### What this task involves:
Take the data below and extract the lines from the one with "# Model space of a CAD drawing. Header units: metres." to the one with "layer by layer", inclusive, exactly as written.

(Beginning of Dataset content)

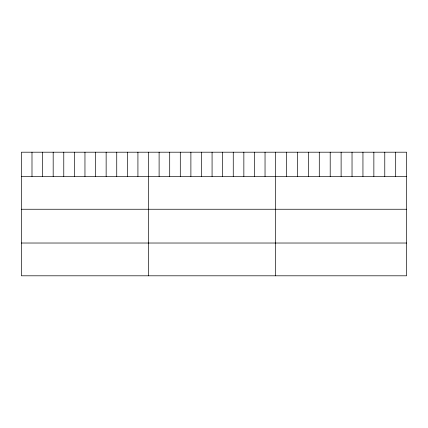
<?xml version="1.0" encoding="UTF-8"?>
<svg xmlns="http://www.w3.org/2000/svg" width="428" height="428" viewBox="0 0 428 428"><rect width="100%" height="100%" fill="white"/><g stroke="black" fill="none" stroke-linecap="round" stroke-linejoin="round"><path stroke-width="0.64" d="M406.6 176.47L406.6 275.803L21.4 275.803L21.4 152.197L406.6 152.197L406.6 176.47L21.4 176.47M21.4 209.249L406.6 209.249M21.4 243.024L406.6 243.024M395.686 152.197L395.686 176.47M384.772 152.197L384.772 176.47M373.858 152.197L373.858 176.47M362.944 152.197L362.944 176.47M352.03 152.197L352.03 176.47M341.116 152.197L341.116 176.47M330.202 152.197L330.202 176.47M319.288 152.197L319.288 176.47M308.374 152.197L308.374 176.47M297.46 152.197L297.46 176.47M286.546 152.197L286.546 176.47M275.632 152.197L275.632 275.803M265.039 152.197L265.039 176.47M254.446 152.197L254.446 176.47M243.853 152.197L243.853 176.47M233.26 152.197L233.26 176.47M222.667 152.197L222.667 176.47M212.074 152.197L212.074 176.47M201.481 152.197L201.481 176.47M190.888 152.197L190.888 176.47M180.295 152.197L180.295 176.47M169.702 152.197L169.702 176.47M159.109 152.197L159.109 176.47M148.516 152.197L148.516 275.803M137.923 152.197L137.923 176.47M127.33 152.197L127.33 176.47M116.737 152.197L116.737 176.47M106.144 152.197L106.144 176.47M95.551 152.197L95.551 176.47M84.958 152.197L84.958 176.47M74.365 152.197L74.365 176.47M63.772 152.197L63.772 176.47M53.179 152.197L53.179 176.47M42.586 152.197L42.586 176.47M31.993 152.197L31.993 176.47"/></g></svg>
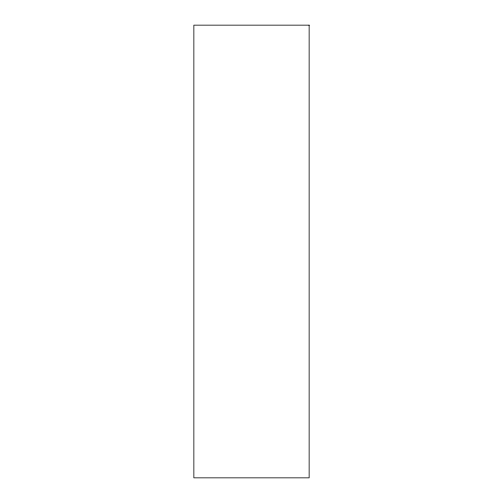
<?xml version="1.0" encoding="UTF-8"?>
<svg xmlns="http://www.w3.org/2000/svg" width="503" height="503" viewBox="0 0 503 503"><rect width="100%" height="100%" fill="white"/><g stroke="black" fill="none" stroke-linecap="round" stroke-linejoin="round"><path stroke-width="0.75" d="M309.138 25.15L193.862 25.15L193.862 477.85L309.138 477.85L309.138 25.15"/></g></svg>
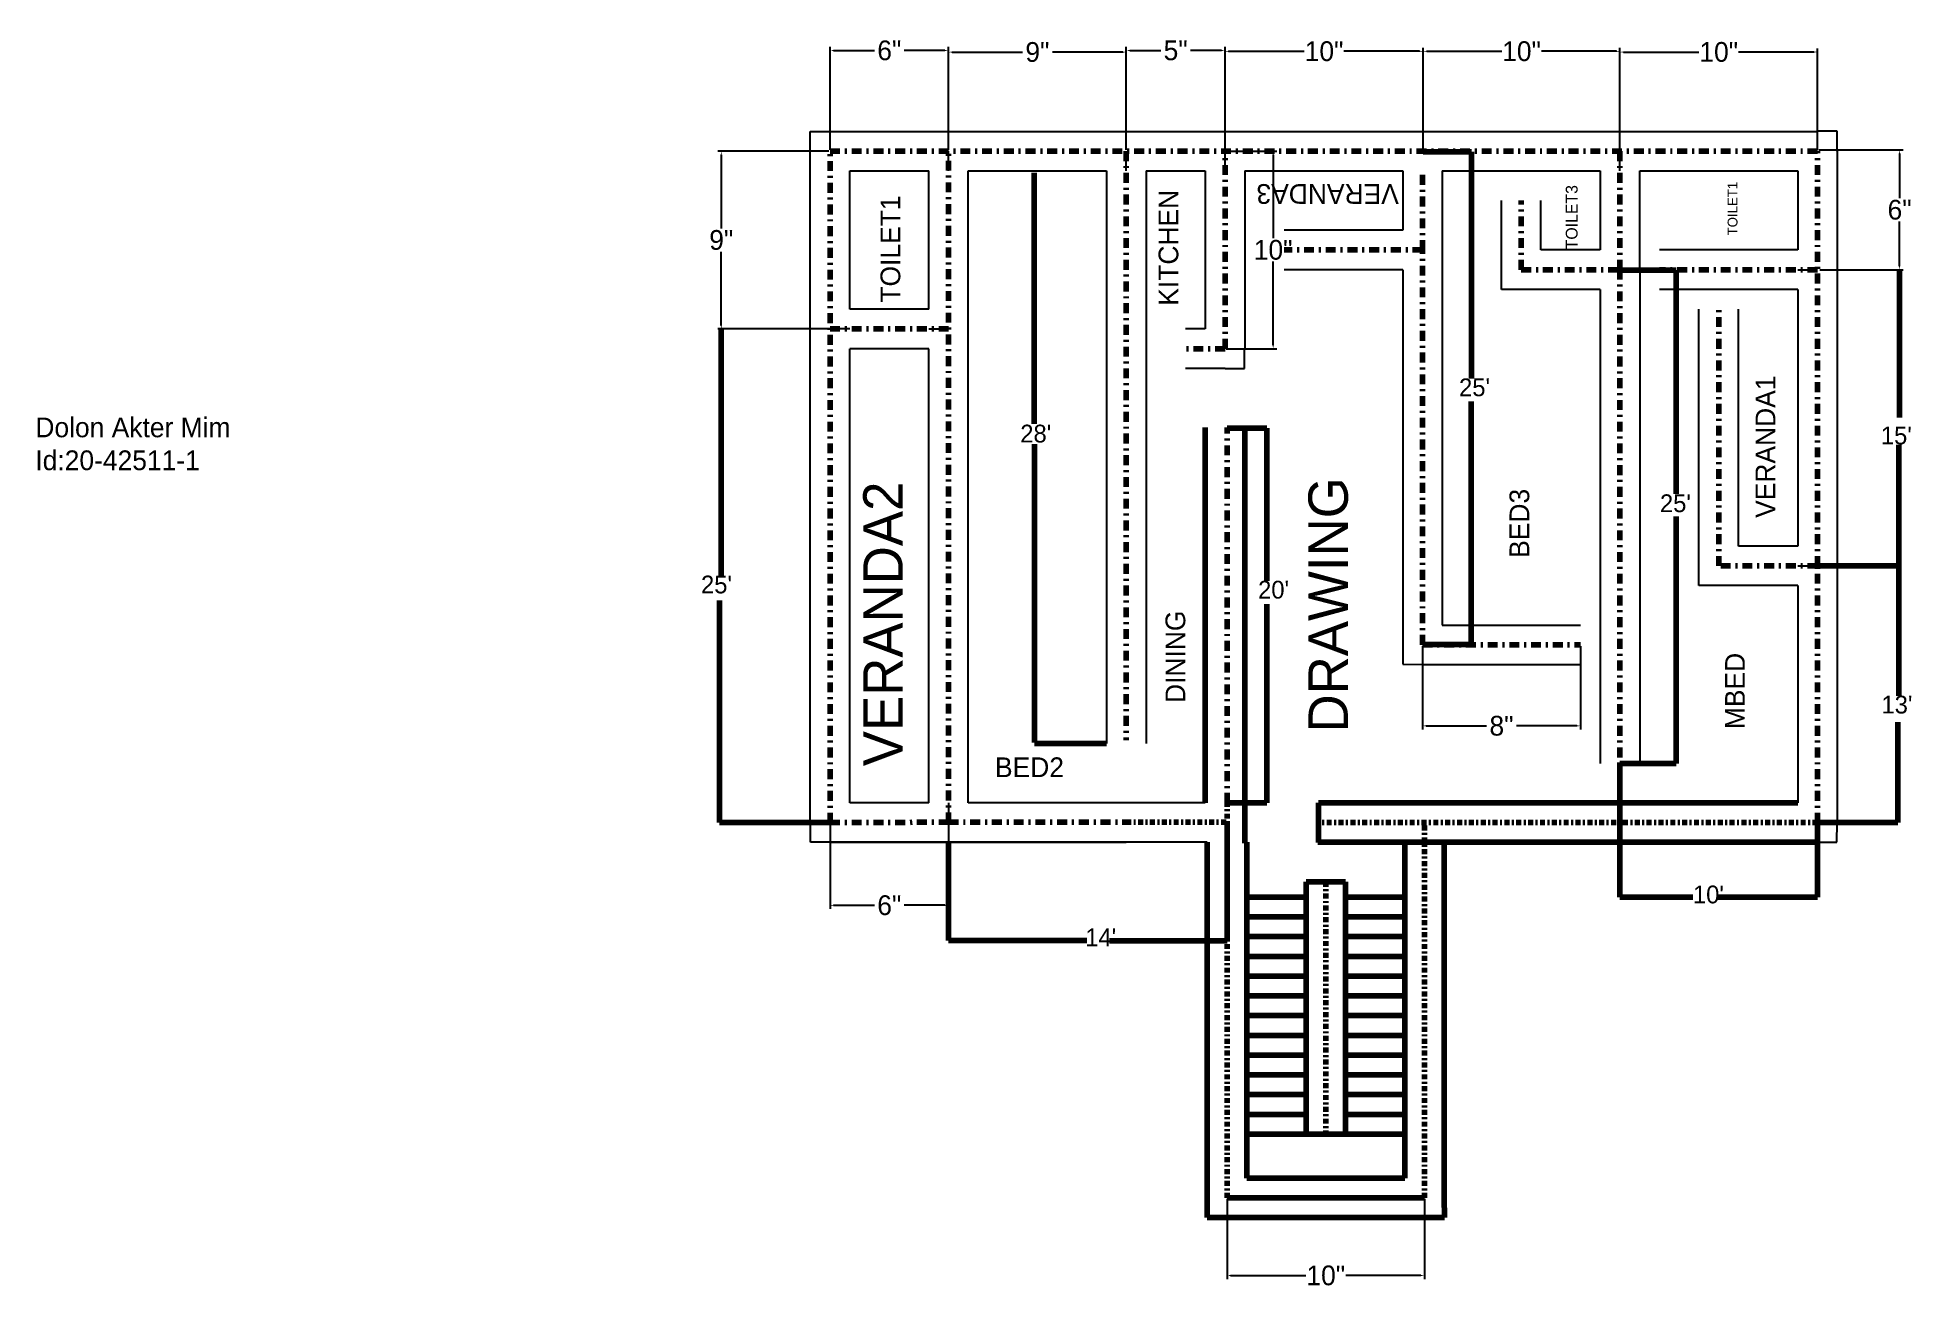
# Model space of a CAD drawing. Header units: inches. Extents: x -55.6 to 39.4, y 0 to 63.3.
import ezdxf

# ---------------------------------------------------------------- set-up
doc = ezdxf.new("R2010")
doc.units = ezdxf.units.IN
doc.header["$MEASUREMENT"] = 0
doc.linetypes.add('DASHDOT', pattern=[1, 0.5, -0.25, 0, -0.25])
doc.linetypes.add('DASHDOT2', pattern=[0.5, 0.25, -0.125, 0, -0.125])
doc.dimstyles.get("Standard").update_dxf_attribs({"dimtxt": 1, "dimasz": 0.18, "dimexe": 0.18, "dimexo": 0.0625, "dimgap": 0.09, "dimtad": 0, "dimtih": 1, "dimtoh": 1, "dimdec": 0, "dimzin": 0, "dimdsep": 46, "dimlunit": 3, "dimtxsty": 'Standard', "dimcen": 0.09, "dimclrt": 3, "dimadec": 0, "dimazin": 0, "dimtfac": 1, "dimtdec": 0, "dimtofl": 0, "dimtmove": 0, "dimatfit": 3, "dimfxl": 1, "dimtolj": 1, "dimtzin": 0, "dimarcsym": 0})

# ---------------------------------------------------------------- blocks, each defined once
blk = doc.blocks.new('*D3')
at = {"color": 0, "lineweight": -2}
for p, q in [((-15.467, 23.523), (-15.467, 19.215)), ((-9.467, 23.541), (-9.467, 19.215)), ((-15.287, 19.395), (-13.224, 19.395)), ((-9.647, 19.395), (-11.71, 19.395))]:
    blk.add_line(p, q, dxfattribs=at)
at = {"color": 0, "lineweight": 100}
for points in [[(-15.287, 19.425), (-15.287, 19.365), (-15.467, 19.395)], [(-9.647, 19.425), (-9.647, 19.365), (-9.467, 19.395)]]:
    blk.add_solid(points, dxfattribs=at)
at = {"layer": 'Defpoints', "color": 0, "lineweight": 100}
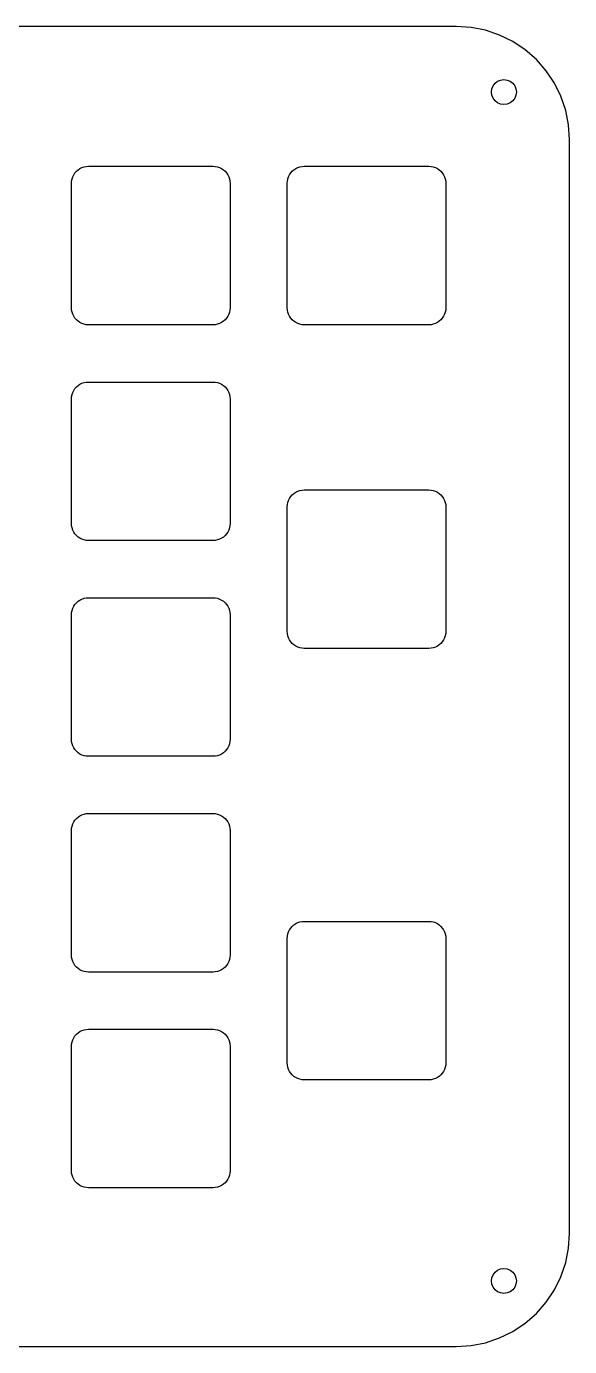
# Model space of a CAD drawing. Header units: metres. Extents: x -59 to 59, y -58 to 58.
# Drawn here: x 10.6 to 58.6, y -58.3 to 58.3 of the extents above; entities that cross this region are included whole.
import ezdxf

# ---------------------------------------------------------------- set-up
doc = ezdxf.new("R2010")
doc.units = ezdxf.units.M

msp = doc.modelspace()

# ---------------------------------------------------------------- linework, layer by layer
for p, q in [((48.5634, 58.2867), (-48.5634, 58.2867)), ((49.8686, 58.2012), (48.5634, 58.2867)), ((51.1516, 57.946), (49.8686, 58.2012)), ((52.3902, 57.5255), (51.1516, 57.946)), ((53.5634, 56.947), (52.3902, 57.5255)), ((54.651, 56.2203), (53.5634, 56.947)), ((55.6345, 55.3578), (54.651, 56.2203)), ((56.4969, 54.3743), (55.6345, 55.3578)), ((57.2236, 53.2867), (56.4969, 54.3743)), ((51.6634, 52.4867), (51.7009, 52.7714)), ((51.7009, 52.202), (51.6634, 52.4867)), ((51.7009, 52.7714), (51.8108, 53.0367)), ((51.8108, 53.0367), (51.9856, 53.2646)), ((51.9856, 53.2646), (52.2134, 53.4394)), ((52.2134, 53.4394), (52.4787, 53.5493)), ((52.4787, 53.5493), (52.7634, 53.5867)), ((52.7634, 53.5867), (53.0481, 53.5493)), ((53.0481, 53.5493), (53.3134, 53.4394)), ((53.3134, 53.4394), (53.5412, 53.2646)), ((53.5412, 53.2646), (53.716, 53.0367)), ((53.716, 53.0367), (53.8259, 52.7714)), ((53.8259, 52.7714), (53.8634, 52.4867)), ((53.8634, 52.4867), (53.8259, 52.202)), ((57.8022, 52.1136), (57.2236, 53.2867)), ((51.8108, 51.9367), (51.7009, 52.202)), ((51.9856, 51.7089), (51.8108, 51.9367)), ((52.2134, 51.5341), (51.9856, 51.7089)), ((52.4787, 51.4242), (52.2134, 51.5341)), ((52.7634, 51.3867), (52.4787, 51.4242)), ((53.0481, 51.4242), (52.7634, 51.3867)), ((53.3134, 51.5341), (53.0481, 51.4242)), ((53.5412, 51.7089), (53.3134, 51.5341)), ((53.716, 51.9367), (53.5412, 51.7089)), ((53.8259, 52.202), (53.716, 51.9367)), ((58.2226, 50.8749), (57.8022, 52.1136)), ((58.4778, 49.592), (58.2226, 50.8749)), ((58.5634, 48.2867), (58.4778, 49.592)), ((58.5634, -48.2868), (58.5634, 48.2867)), ((14.9, 45.3499), (15.0293, 45.4974)), ((15.0293, 45.4974), (15.1769, 45.6268)), ((15.1769, 45.6268), (15.34, 45.7358)), ((15.34, 45.7358), (15.516, 45.8226)), ((15.516, 45.8226), (15.7018, 45.8857)), ((15.7018, 45.8857), (15.8942, 45.9239)), ((15.8942, 45.9239), (16.09, 45.9368)), ((16.09, 45.9368), (27.09, 45.9368)), ((27.09, 45.9368), (27.2858, 45.9239)), ((27.2858, 45.9239), (27.4782, 45.8857)), ((27.4782, 45.8857), (27.664, 45.8226)), ((27.664, 45.8226), (27.84, 45.7358)), ((27.84, 45.7358), (28.0031, 45.6268)), ((28.0031, 45.6268), (28.1506, 45.4974)), ((28.1506, 45.4974), (28.28, 45.3499)), ((33.9501, 45.3499), (34.0794, 45.4974)), ((34.0794, 45.4974), (34.227, 45.6268)), ((34.227, 45.6268), (34.3901, 45.7358)), ((34.3901, 45.7358), (34.5661, 45.8226)), ((34.5661, 45.8226), (34.7519, 45.8857)), ((34.7519, 45.8857), (34.9443, 45.9239)), ((34.9443, 45.9239), (35.1401, 45.9368)), ((35.1401, 45.9368), (46.1401, 45.9368)), ((46.1401, 45.9368), (46.3359, 45.9239)), ((46.3359, 45.9239), (46.5283, 45.8857)), ((46.5283, 45.8857), (46.7141, 45.8226)), ((46.7141, 45.8226), (46.8901, 45.7358)), ((46.8901, 45.7358), (47.0532, 45.6268)), ((47.0532, 45.6268), (47.2008, 45.4974)), ((47.2008, 45.4974), (47.3301, 45.3499)), ((14.59, 44.4368), (14.6028, 44.6326)), ((14.59, 33.4368), (14.59, 44.4368)), ((14.6028, 44.6326), (14.6411, 44.825)), ((14.6411, 44.825), (14.7042, 45.0108)), ((14.7042, 45.0108), (14.791, 45.1868)), ((14.791, 45.1868), (14.9, 45.3499)), ((28.28, 45.3499), (28.389, 45.1868)), ((28.389, 45.1868), (28.4758, 45.0108)), ((28.4758, 45.0108), (28.5389, 44.825)), ((28.5389, 44.825), (28.5771, 44.6326)), ((28.5771, 44.6326), (28.59, 44.4368)), ((28.59, 44.4368), (28.59, 33.4368)), ((33.6401, 44.4368), (33.6529, 44.6326)), ((33.6401, 33.4368), (33.6401, 44.4368)), ((33.6529, 44.6326), (33.6912, 44.825)), ((33.6912, 44.825), (33.7543, 45.0108)), ((33.7543, 45.0108), (33.8411, 45.1868)), ((33.8411, 45.1868), (33.9501, 45.3499)), ((47.3301, 45.3499), (47.4391, 45.1868)), ((47.4391, 45.1868), (47.5259, 45.0108)), ((47.5259, 45.0108), (47.589, 44.825)), ((47.589, 44.825), (47.6272, 44.6326)), ((47.6272, 44.6326), (47.6401, 44.4368)), ((47.6401, 44.4368), (47.6401, 33.4368)), ((14.6028, 33.241), (14.59, 33.4368)), ((14.6411, 33.0486), (14.6028, 33.241)), ((14.7042, 32.8628), (14.6411, 33.0486)), ((14.791, 32.6868), (14.7042, 32.8628)), ((14.9, 32.5237), (14.791, 32.6868)), ((28.389, 32.6868), (28.28, 32.5237)), ((28.4758, 32.8628), (28.389, 32.6868)), ((28.5389, 33.0486), (28.4758, 32.8628)), ((28.5771, 33.241), (28.5389, 33.0486)), ((28.59, 33.4368), (28.5771, 33.241)), ((33.6529, 33.241), (33.6401, 33.4368)), ((33.6912, 33.0486), (33.6529, 33.241)), ((33.7543, 32.8628), (33.6912, 33.0486)), ((33.8411, 32.6868), (33.7543, 32.8628)), ((33.9501, 32.5237), (33.8411, 32.6868)), ((47.4391, 32.6868), (47.3301, 32.5237)), ((47.5259, 32.8628), (47.4391, 32.6868)), ((47.589, 33.0486), (47.5259, 32.8628)), ((47.6272, 33.241), (47.589, 33.0486)), ((47.6401, 33.4368), (47.6272, 33.241)), ((15.0293, 32.3761), (14.9, 32.5237)), ((15.1769, 32.2468), (15.0293, 32.3761)), ((15.34, 32.1378), (15.1769, 32.2468)), ((15.516, 32.051), (15.34, 32.1378)), ((15.7018, 31.9879), (15.516, 32.051)), ((15.8942, 31.9496), (15.7018, 31.9879)), ((16.09, 31.9368), (15.8942, 31.9496)), ((27.09, 31.9368), (16.09, 31.9368)), ((27.2858, 31.9496), (27.09, 31.9368)), ((27.4782, 31.9879), (27.2858, 31.9496)), ((27.664, 32.051), (27.4782, 31.9879)), ((27.84, 32.1378), (27.664, 32.051)), ((28.0031, 32.2468), (27.84, 32.1378)), ((28.1506, 32.3761), (28.0031, 32.2468)), ((28.28, 32.5237), (28.1506, 32.3761)), ((34.0794, 32.3761), (33.9501, 32.5237)), ((34.227, 32.2468), (34.0794, 32.3761)), ((34.3901, 32.1378), (34.227, 32.2468)), ((34.5661, 32.051), (34.3901, 32.1378)), ((34.7519, 31.9879), (34.5661, 32.051)), ((34.9443, 31.9496), (34.7519, 31.9879)), ((35.1401, 31.9368), (34.9443, 31.9496)), ((46.1401, 31.9368), (35.1401, 31.9368)), ((46.3359, 31.9496), (46.1401, 31.9368)), ((46.5283, 31.9879), (46.3359, 31.9496)), ((46.7141, 32.051), (46.5283, 31.9879)), ((46.8901, 32.1378), (46.7141, 32.051)), ((47.0532, 32.2468), (46.8901, 32.1378)), ((47.2008, 32.3761), (47.0532, 32.2468)), ((47.3301, 32.5237), (47.2008, 32.3761)), ((15.516, 26.7725), (15.7018, 26.8356)), ((15.7018, 26.8356), (15.8942, 26.8738)), ((15.8942, 26.8738), (16.09, 26.8867)), ((16.09, 26.8867), (27.09, 26.8867)), ((27.09, 26.8867), (27.2858, 26.8738)), ((27.2858, 26.8738), (27.4782, 26.8356)), ((27.4782, 26.8356), (27.664, 26.7725)), ((14.6028, 25.5825), (14.6411, 25.7749)), ((14.6411, 25.7749), (14.7042, 25.9607)), ((14.7042, 25.9607), (14.791, 26.1367)), ((14.791, 26.1367), (14.9, 26.2998)), ((14.9, 26.2998), (15.0293, 26.4473)), ((15.0293, 26.4473), (15.1769, 26.5767)), ((15.1769, 26.5767), (15.34, 26.6857)), ((15.34, 26.6857), (15.516, 26.7725)), ((27.664, 26.7725), (27.84, 26.6857)), ((27.84, 26.6857), (28.0031, 26.5767)), ((28.0031, 26.5767), (28.1506, 26.4473)), ((28.1506, 26.4473), (28.28, 26.2998)), ((28.28, 26.2998), (28.389, 26.1367)), ((28.389, 26.1367), (28.4758, 25.9607)), ((28.4758, 25.9607), (28.5389, 25.7749)), ((28.5389, 25.7749), (28.5771, 25.5825)), ((14.59, 25.3867), (14.6028, 25.5825)), ((14.59, 14.3867), (14.59, 25.3867)), ((28.5771, 25.5825), (28.59, 25.3867)), ((28.59, 25.3867), (28.59, 14.3867)), ((33.6912, 16.2499), (33.7543, 16.4357)), ((33.7543, 16.4357), (33.8411, 16.6117)), ((33.8411, 16.6117), (33.9501, 16.7748)), ((33.9501, 16.7748), (34.0794, 16.9224)), ((34.0794, 16.9224), (34.227, 17.0517)), ((34.227, 17.0517), (34.3901, 17.1607)), ((34.3901, 17.1607), (34.5661, 17.2475)), ((34.5661, 17.2475), (34.7519, 17.3106)), ((34.7519, 17.3106), (34.9443, 17.3489)), ((34.9443, 17.3489), (35.1401, 17.3617)), ((35.1401, 17.3617), (46.1401, 17.3617)), ((46.1401, 17.3617), (46.3359, 17.3489)), ((46.3359, 17.3489), (46.5283, 17.3106)), ((46.5283, 17.3106), (46.7141, 17.2475)), ((46.7141, 17.2475), (46.8901, 17.1607)), ((46.8901, 17.1607), (47.0532, 17.0517)), ((47.0532, 17.0517), (47.2008, 16.9224)), ((47.2008, 16.9224), (47.3301, 16.7748)), ((47.3301, 16.7748), (47.4391, 16.6117)), ((47.4391, 16.6117), (47.5259, 16.4357)), ((47.5259, 16.4357), (47.589, 16.2499)), ((33.6401, 15.8617), (33.6529, 16.0575)), ((33.6401, 4.8617), (33.6401, 15.8617)), ((33.6529, 16.0575), (33.6912, 16.2499)), ((47.589, 16.2499), (47.6272, 16.0575)), ((47.6272, 16.0575), (47.6401, 15.8617)), ((47.6401, 15.8617), (47.6401, 4.8617)), ((14.6028, 14.1909), (14.59, 14.3867)), ((14.6411, 13.9985), (14.6028, 14.1909)), ((14.7042, 13.8127), (14.6411, 13.9985)), ((28.5389, 13.9985), (28.4758, 13.8127)), ((28.5771, 14.1909), (28.5389, 13.9985)), ((28.59, 14.3867), (28.5771, 14.1909)), ((14.791, 13.6367), (14.7042, 13.8127)), ((14.9, 13.4736), (14.791, 13.6367)), ((15.0293, 13.326), (14.9, 13.4736)), ((15.1769, 13.1967), (15.0293, 13.326)), ((15.34, 13.0877), (15.1769, 13.1967)), ((15.516, 13.0009), (15.34, 13.0877)), ((15.7018, 12.9378), (15.516, 13.0009)), ((15.8942, 12.8995), (15.7018, 12.9378)), ((16.09, 12.8867), (15.8942, 12.8995)), ((27.09, 12.8867), (16.09, 12.8867)), ((27.2858, 12.8995), (27.09, 12.8867)), ((27.4782, 12.9378), (27.2858, 12.8995)), ((27.664, 13.0009), (27.4782, 12.9378)), ((27.84, 13.0877), (27.664, 13.0009)), ((28.0031, 13.1967), (27.84, 13.0877)), ((28.1506, 13.326), (28.0031, 13.1967)), ((28.28, 13.4736), (28.1506, 13.326)), ((28.389, 13.6367), (28.28, 13.4736)), ((28.4758, 13.8127), (28.389, 13.6367)), ((14.7042, 6.91071), (14.791, 7.08669)), ((14.791, 7.08669), (14.9, 7.24982)), ((14.9, 7.24982), (15.0293, 7.39734)), ((15.0293, 7.39734), (15.1769, 7.52671)), ((15.1769, 7.52671), (15.34, 7.63572)), ((15.34, 7.63572), (15.516, 7.72251)), ((15.516, 7.72251), (15.7018, 7.78557)), ((15.7018, 7.78557), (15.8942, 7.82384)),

(End of Dataset content)

### Written response:
# Model space of a CAD drawing. Header units: metres. Extents: x -59 to 59, y -58 to 58.
# Drawn here: x 10.6 to 58.6, y -58.3 to 58.3 of the extents above; entities that cross this region are included whole.
import ezdxf

# ---------------------------------------------------------------- set-up
doc = ezdxf.new("R2010")
doc.units = ezdxf.units.M

msp = doc.modelspace()

# ---------------------------------------------------------------- linework, layer by layer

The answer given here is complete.